Photo backup made easy: Back up your photos like a pro

Do you really need backups for your backup? We’ll show you how to incorporate Dropbox into the 3-2-1 rule so your photos stay safe.

May 14, 2021
A desktop displaying landscape photos

Professional photographers know how important it is to have a backup of their work. Imagine uploading days’ worth of shoots off your camera only to have them disappear due to a hard drive crash. That’s why pros know that one backup may not even be enough. Do you have a fail-safe for your fail-safe? Here’s how to disaster-proof your backup strategy—so your work stays safe.

One tried and true way to backup photos is the 3-2-1 rule, a revered strategy for creating multiple backups of data that involves having three copies of data stored on two different types of media and one copy that’s off-site. Here’s what the 3-2-1 rule looks like for a professional photographer:

Store photos on your computer

It’s probably second nature to get back from a photo shoot and immediately plug your camera, memory card, or iOS or Android device into your Mac or PC to access and save your new pics. Not only is this a good way to take a closer look at your shots, but it also gets you into the habit of immediately backing up your photos. Dropbox Rewind is another way to protect your files against accidental edits and deletion. Rewind lets you restore your deleted files and access version history for at least 30 days. 
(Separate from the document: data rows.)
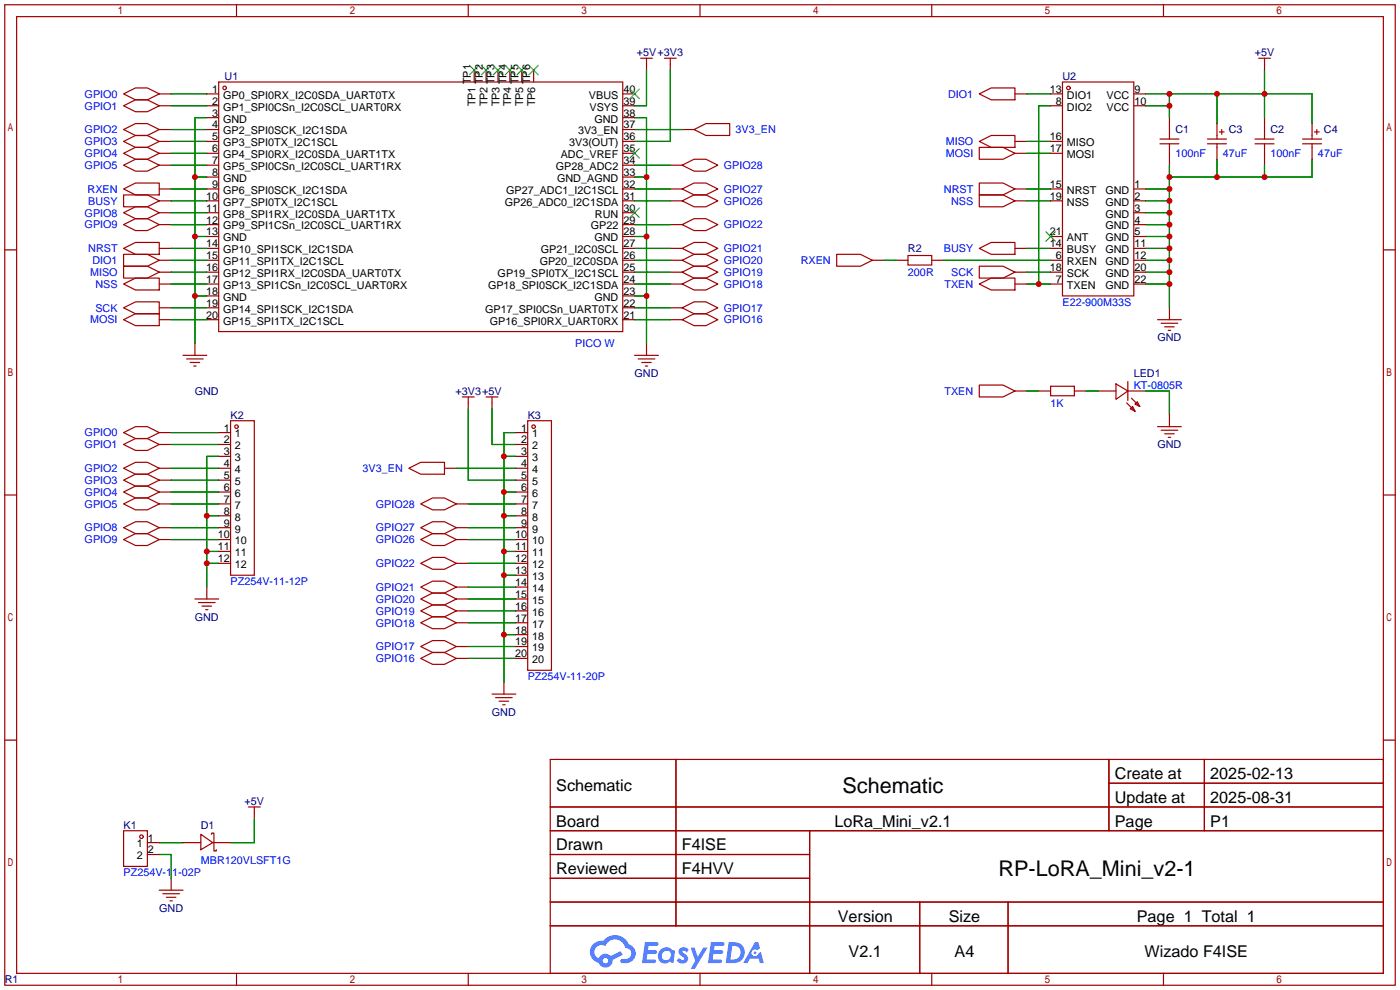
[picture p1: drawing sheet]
<svg xmlns="http://www.w3.org/2000/svg" width="299mm" height="212mm" viewBox="0 0 299 212" stroke-linecap="round" stroke-linejoin="round" font-family="sans-serif">
<g fill="none" stroke="#a10000" stroke-width=".25">
<path d="M1 1h297.2v209.6h-297.2zM3.6 3.6h292.1v204.4h-292.1zM50.5 1v2.6M100.1 1v2.6M149.6 1v2.6M199.1 1v2.6M248.7 1v2.6M1 53.4h2.6M295.7 53.4h2.5M1 105.8h2.6M295.7 105.8h2.5M1 158.2h2.6"/>
<path d="M295.7 158.2h2.5M117.6 162.3h178.1v45.7h-178.1zM117.6 172.5h178.1M117.6 177.5h178.1M144.5 162.3v35.6M173 177.5v30.5M237 162.3v15.2M237 167.4h58.7M257.4 162.3v15.2M117.6 182.6h55.4M117.6 192.8h178.1M117.6 187.7h55.4"/>
<path d="M117.6 197.9h178.1M196.6 192.8v15.2M215.4 192.8v15.2M50.5 208v2.6M100.1 208v2.6M149.6 208v2.6M199.1 208v2.6M248.7 208v2.6"/>
</g>
<g fill="#5487ff">
<path d="M145.3 202.7a1.3 1.3 0 0 1 1.9 .3l-.4 .6a.54 .54 0 0 0-.9-.2l.1 .2a1.34 1.34 0 0 1 .9 1.8 1.47 1.47 0 0 1-2.3-.1l.5-.6 .8 .5a.31 .31 0 0 0 .4-.3 .31 .31 0 0 0-.3-.4 1.12 1.12 0 0 1-.7-1.8z"/>
<path d="M147.6 202.5h.9l.6 2 1.2-2h.9l-2.7 4.6h-.9l1-1.7z"/>
<path d="M137.8 201.4h1.7a1.31 1.31 0 0 1 1.2 .2 .4 .4 0 0 1-.3 .5l-1.8 .1-.1 .9h1.6a.4 .4 0 0 1 .4 .4 .4 .4 0 0 1-.5 .4h-1.6l-.2 1.2h1.4a.46 .46 0 0 1 .5 0 .46 .46 0 0 1 .1 .5l-.4 .2h-2.6z"/>
<path d="M151.9 201.4h1.7a1.32 1.32 0 0 1 1.2 .2 .39 .39 0 0 1-.3 .5l-1.8 .1-.1 .9h1.6a.4 .4 0 0 1 .4 .4 .4 .4 0 0 1-.4 .4h-1.7l-.2 1.2h1.4a.46 .46 0 0 1 .5 0 .46 .46 0 0 1 .1 .5l-.4 .2h-2.6z"/>
<path d="M161.3 201.4h.8l.3 1.3-.6 .4a.75 .75 0 0 0-1.1 .3 .75 .75 0 0 0 .5 1 .75 .75 0 0 0 .9-.7l.5-.2 .6 2.3h-.8l-.3-.9h-1.8l-.5 .9h-1z"/>
<path d="M155.7 201.4l-.6 4.4h1.5a2.27 2.27 0 0 0 2.6-2.2 2.27 2.27 0 0 0-2.7-2.2zM156.5 202.1a1.5 1.5 0 0 1 1.8 1.6 1.5 1.5 0 0 1-1.9 1.4h-.3z"/>
<path d="M141.2 203a1.6 1.6 0 0 0-.3 2.3 1.6 1.6 0 0 0 2.3 .2l.7 .3 .3-2.4-.1-.3-.5-.1a1.58 1.58 0 0 0-2.4 0zM141.8 203.5a.98 .98 0 0 1 1.6 .4 .98 .98 0 0 1-1.1 1.3 .94 .94 0 0 1-.9-.7 .94 .94 0 0 1 .4-1z"/>
<path d="M126.8 201.8a2.37 2.37 0 0 0 1.1 4 1.54 1.54 0 0 0 1.8 1 1.54 1.54 0 0 0 1.2-1.6l2.2-1.1-.5-.8-2 1a1.57 1.57 0 0 0-2.7 .5 1.5 1.5 0 0 1-.7-2.1 1.5 1.5 0 0 1 2.2-.5 2.23 2.23 0 0 1 2.3-1.4 2.23 2.23 0 0 1 2 1.8 1.16 1.16 0 0 1 1.2 1.1 1.16 1.16 0 0 1-1.1 1.2h-.7a.47 .47 0 0 0-.5 .4 .47 .47 0 0 0 .4 .5 2.17 2.17 0 0 0 2.5-.9 2.17 2.17 0 0 0-.3-2.7l-.8-.4a3.2 3.2 0 0 0-5.5-.7l-1.1 .1zM128.8 205.3a.6 .6 0 0 1 1.2 0 .6 .6 0 0 1-1.2 0z"/>
<circle cx="161.4" cy="203.6" r=".28"/>
</g>
<g fill="none" stroke="#a10000" stroke-width=".25">
<path d="M46.7 17.5h86.4v53.4h-86.4zM101.3 15v2.5M103.9 15v2.5M106.4 15v2.5M109 15v2.5M111.5 15v2.5M114 15v2.5M136.9 12.4h2.5M138.2 12.4v2.6M142 12.4h2.5M143.3 12.4v2.6M227.1 17.5h15.2v45.7h-15.2z"/>
<path d="M269 12.4h2.5M270.3 12.4v2.6M26.4 20.1l2.6-1.3h2.5l2.5 1.3-2.5 1.2h-2.5zM26.4 22.6l2.6-1.3h2.5l2.5 1.3-2.5 1.3h-2.5zM26.4 27.7l2.6-1.3h2.5l2.5 1.3-2.5 1.3h-2.5zM26.4 30.2l2.6-1.2h2.5l2.5 1.2-2.5 1.3h-2.5zM26.4 32.8l2.6-1.3h2.5l2.5 1.3-2.5 1.2h-2.5zM26.4 35.3l2.6-1.3h2.5l2.5 1.3-2.5 1.3h-2.5zM34 30.2h2.6M34 32.8h2.6M34 20.1h2.6M34 22.6h2.6"/>
<path d="M34 27.7h2.6M34 35.3h2.6M44.2 30.2h2.5M44.2 32.8h2.5M44.2 20.1h2.5M44.2 22.6h2.5M44.2 27.7h2.5M44.2 35.3h2.5M44.2 25.1h2.5M44.2 37.8h2.5M133.1 30.2h2.5M133.1 32.8h2.5"/>
<path d="M133.1 20.1h2.5M133.1 22.6h2.5M133.1 27.7h2.5M133.1 35.3h2.5M133.1 25.1h2.5M133.1 37.8h2.5M143.3 35.3h2.5M145.8 35.3l2.5-1.3h2.6l2.5 1.3-2.5 1.3h-2.6zM145.8 27.7h2.5M148.3 27.7l2.6-1.3h5.1v2.6h-5.1zM209.3 30.2l2.5-1.2h5.1v2.5h-5.1zM209.3 31.5h5.1l2.5 1.3-2.5 1.2h-5.1z"/>
<path d="M209.3 39.1h5.1l2.5 1.3-2.5 1.3h-5.1zM209.3 20.1l2.5-1.3h5.1v2.5h-5.1zM216.9 30.2h2.6M216.9 32.8h2.6M216.9 20.1h2.6M224.5 30.2h2.6M224.5 32.8h2.6M224.5 20.1h2.6M224.5 22.6h2.6M242.3 20.1h2.6M242.3 22.6h2.6M247.9 29.7h4.1"/>
<path d="M247.9 30.7h4.1M249.9 25.1v4.6M249.9 30.7v4.6M258.1 29.7h4M258.1 30.7h4M260.1 26.4v3.3M260.1 30.7v3.3M260.6 28.2h1M261.1 27.7v1M268.2 29.7h4.1M268.2 30.7h4.1M270.3 25.1v4.6"/>
<path d="M270.3 30.7v4.6M278.4 29.7h4M278.4 30.7h4M280.4 26.4v3.3M280.4 30.7v3.3M280.9 28.2h1M281.4 27.7v1M26.4 56.9h5.1l2.5 1.3-2.5 1.2h-5.1zM26.4 54.4h5.1l2.5 1.2-2.5 1.3h-5.1zM26.4 53.1l2.6-1.3h5v2.6h-5zM26.4 40.4l2.6-1.3h5v2.6h-5zM26.4 41.7h5.1l2.5 1.2-2.5 1.3h-5.1z"/>
<path d="M26.4 45.5l2.6-1.3h2.5l2.5 1.3-2.5 1.2h-2.5zM26.4 48l2.6-1.3h2.5l2.5 1.3-2.5 1.3h-2.5zM34 58.2h2.6M34 42.9h2.6M34 55.6h2.6M34 53.1h2.6M34 40.4h2.6M34 45.5h2.6M34 48h2.6M44.2 58.2h2.5M44.2 42.9h2.5M44.2 55.6h2.5"/>
<path d="M44.2 53.1h2.5M44.2 40.4h2.5M44.2 45.5h2.5M44.2 48h2.5M44.2 50.5h2.5M133.1 58.2h2.5M133.1 42.9h2.5M133.1 55.6h2.5M133.1 53.1h2.5M133.1 40.4h2.5M133.1 45.5h2.5M133.1 48h2.5"/>
<path d="M133.1 50.5h2.5M143.3 58.2h2.5M143.3 42.9h2.5M143.3 55.6h2.5M143.3 53.1h2.5M143.3 40.4h2.5M143.3 48h2.5M145.8 58.2l2.5-1.3h2.6l2.5 1.3-2.5 1.2h-2.6zM145.8 55.6l2.5-1.2h2.6l2.5 1.2-2.5 1.3h-2.6zM145.8 53.1l2.5-1.3h2.6l2.5 1.3-2.5 1.3h-2.6zM145.8 42.9l2.5-1.2h2.6l2.5 1.2-2.5 1.3h-2.6zM145.8 40.4l2.5-1.3h2.6l2.5 1.3-2.5 1.3h-2.6z"/>
<path d="M145.8 48l2.5-1.3h2.6l2.5 1.3-2.5 1.3h-2.6zM178.8 54.4h5.1l2.5 1.2-2.5 1.3h-5.1zM186.4 55.6h2.6M191.5 55.6h2.6M194.1 54.6h5v2h-5zM199.1 55.6h2.6M209.3 56.9h5.1l2.5 1.3-2.5 1.2h-5.1zM209.3 41.7h5.1l2.5 1.2-2.5 1.3h-5.1zM209.3 53.1l2.5-1.3h5.1v2.6h-5.1zM216.9 58.2h2.6M216.9 42.9h2.6M216.9 53.1h2.6"/>
<path d="M216.9 40.4h2.6M224.5 58.2h2.6M224.5 42.9h2.6M224.5 55.6h2.6M224.5 53.1h2.6M224.5 40.4h2.6M224.5 50.5h2.6M242.3 58.2h2.6M242.3 42.9h2.6M242.3 55.6h2.6M242.3 53.1h2.6M242.3 40.4h2.6"/>
<path d="M242.3 45.5h2.6M242.3 48h2.6M242.3 50.5h2.6M26.4 65.8l2.6-1.3h5v2.6h-5zM26.4 68.3l2.6-1.2h5v2.5h-5zM26.4 60.7l2.6-1.3h5v2.6h-5zM34 68.3h2.6M34 60.7h2.6M34 65.8h2.6M39.1 75.9h5.1M39.9 76.7h3.5M40.6 77.5h2.1"/>
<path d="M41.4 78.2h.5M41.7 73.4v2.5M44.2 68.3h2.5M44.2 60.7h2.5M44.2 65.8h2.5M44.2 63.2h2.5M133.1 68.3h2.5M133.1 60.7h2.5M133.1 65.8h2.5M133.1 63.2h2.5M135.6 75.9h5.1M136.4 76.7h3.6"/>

Use camera uploads to backup photos in Dropbox

One way to get your pics uploaded fast is by using camera uploads, which will automatically add photos from your phone, camera, or SD card right to Dropbox. When you enable camera uploads, your device or card will automatically upload your camera roll every time it’s connected to that computer. Your pics will be safely stored in your Camera Uploads folder in your Dropbox account and accessible on any device. Since your photos will be stored in the cloud, this counts as your off-site/cloud storage.

Save photos on a USB drive

For your third copy of your photos, use a USB drive. Once your photos are on your computer hard drive, it’ll be easy to drag them to a USB drive. Make sure you get one that has enough storage space to meet your needs. 

Bonus points if you use an external hard drive or flash drive that’s stored off-site. You can keep your portable drive at your office or studio, at a friend’s house, or in a safe deposit box. If storing your drive in an office or a friend’s house, invest in a fire-proof safe in case of a disaster. Be sure to replace external hard drives every few years because of bit rot, the slow deterioration of data on storage media.

Your photos are professional, so your backup routine should be too. If you follow the guidelines we’ve outlined here, you’ll have three different copies (your computer hard drive, Dropbox, and a USB drive), on two different types of media (your computer and USB), with one stored off-site (Dropbox).

We’re glad to be a part of an important backup strategy that keeps your work safe and helps you get peace of mind.